A frustrated US President Barack Obama over the weekend questioned how Israeli Prime Minister Benjamin Netanyahu would address the Iranian nuclear problem, since he was clearly dissatisfied with the American approach.

Israel’s PM Netanyahu stands before the UNGA – Screenshot

An Israeli expert had already answered that question, noting that the only remaining viable solution was to intervene militarily.

Speaking at a press conference in Panama City, Obama said that he was well aware of Israel’s concerns regarding the nuclear framework agreement he and other Western powers had reached with Iran a week earlier.

“I have repeatedly asked – what is the alternative that you present that you think makes it less likely for Iran to get a nuclear weapon?” said Obama, insisting that he had “yet to obtain a good answer on that.”

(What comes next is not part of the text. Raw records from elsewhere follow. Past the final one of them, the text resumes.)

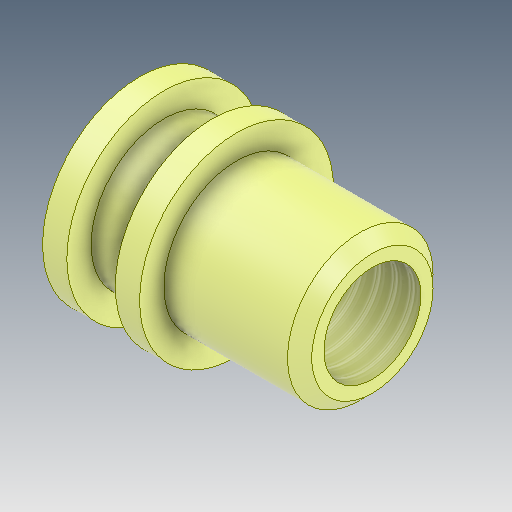
# Autodesk Inventor part: Tuerca remache m4
Saved by Autodesk Inventor 2020.3 (Build 243373000, 373)
## iProperties
Created: 2020-06-28
Part Number: Tuerca remache m4
Material: Aluminum 7175 T73 0 Hot Formed
Document SubType Name: Modeling
Designer: Pipi
Density: 2.8 g/cm^3
Appearance: Satinado - Limón gasa
Author: Pipi
Autodesk Inventor part; units mm, degrees
ref_plane "YZ Plane" through (0, 0, 0) normal (1, 0, 0) x (0, 1, 0)
ref_plane "XZ Plane" through (0, 0, 0) normal (0, 1, 0) x (-1, 0, 0)
ref_plane "XY Plane" through (0, 0, 0) normal (0, 0, 1) x (1, 0, 0)
sketch "Boceto2" plane through (0, 0, 0) normal (0, 1, 0) x (-1, 0, 0)
  line L0 (99.3538, -66.4173) -> (-152.1277, -66.4173)
  line L1 (-90.5006, -68.4173) -> (-90.5006, -69.4173)
  line L2 (-89.5006, -69.4173) -> (-89.5006, -68.4173)
  line L3 (-92.5006, -68.4173) -> (-92.5006, -69.4173)
  line L4 (-99.1006, -68.4173) -> (-99.1006, -69.4173)
  line L5 (-99.1006, -69.4173) -> (-93.5006, -69.4173)
  line L6 (-93.5006, -70.4173) -> (-92.5006, -70.4173)
  line L7 (-92.5006, -70.4173) -> (-92.5006, -69.4173)
  line L8 (-90.5006, -69.4173) -> (-90.5006, -70.4173)
  line L9 (-90.5006, -70.4173) -> (-89.5006, -70.4173)
  line L10 (-89.5006, -70.4173) -> (-89.5006, -69.4173)
  line L11 (-93.5006, -68.4173) -> (-93.5006, -70.4173)
  line L12 (-92.5006, -69.4173) -> (-90.5006, -69.4173)
  line L13 (-99.1006, -68.4173) -> (-89.5006, -68.4173)
  point P0 (0, 0)
  dimension "d17" = 1
  constraints: 28 end point, 5 perpendicular, 5 point on line, 2 horizontal, 2 parallel, 1 vertical
  measures "d17" distance of L1.end L2.start
revolve "Revolución1" add sketch "Boceto2" angle 360 about axis through (-99.3538, 0, -66.4173) along (1, 0, 0)
chamfer "Chaflán2" distance 0.5 angle 45 1 edges at (99.1006, 0, -63.4173)
sketch "Boceto3" plane through (89.5006, 0, -66.4173) normal (-1, 0, 0) x (0, 0, 1)
  circle A0 centre (0, 0) radius 2.625
  point P0 (66.4173, 0)
  dimension "d28" = 5.25
  constraints: 1 centre point
  measures "d28" diameter of A0
extrude "Extrusión3" cut sketch "Boceto3" against normal blind 2.5
thread "Rosca3" size "M4x0.7" class "6H" standard "ISO Metric profile" length 7

Efraim Inbar, director of the Begin-Sadat Center for Strategic Studies in Israel, said the question was irrelevant.

In an op-ed published last Thursday, Inbar explained that for all of Obama’s efforts to defend the deal, it was “ the perceptions of Middle East actors” that carried the most weight.

And Israel wasn’t the only one worried.

“For example, Saudi Arabia and Egypt have deplored the fact that the US is bestowing international legitimacy on Iran’s status as a nuclear threshold state,” noted Inbar. “They probably believe the interpretations of the deal offered by Tehran more than those professed in Washington.”

As a result, the Middle East stood on the brink of a dangerous nuclear arms race.

But Inbar did concede that the only alternatives to Obama’s less-than-appealing deal were to accept a nuclear Iran or bomb its nuclear infrastructure.

Unfortunately, the expert concluded, the American leader didn’t have what it takes to choose the latter option, and Iran knew it.

Israel, however, continued to mull a preemptive strike.

“If we have no choice we have no choice… the military option is on the table,” Intelligence Minister Yuval Steinitz told Israel Radio earlier this month, noting that Israel had not sought American approval before bombing Iraq’s nuclear reactor in 1981.

Days earlier, Gen. Mohammad Reza Naqdi, a senior figure in Iran’s Revolutionary Guards, reaffirmed that Israel remained his nation’s primary target.

“Erasing Israel off the map” is “nonnegotiable,” Gen. Naqdi was reported to have said, even as Obama’s team was preparing to sign a deal with the Islamic Republic.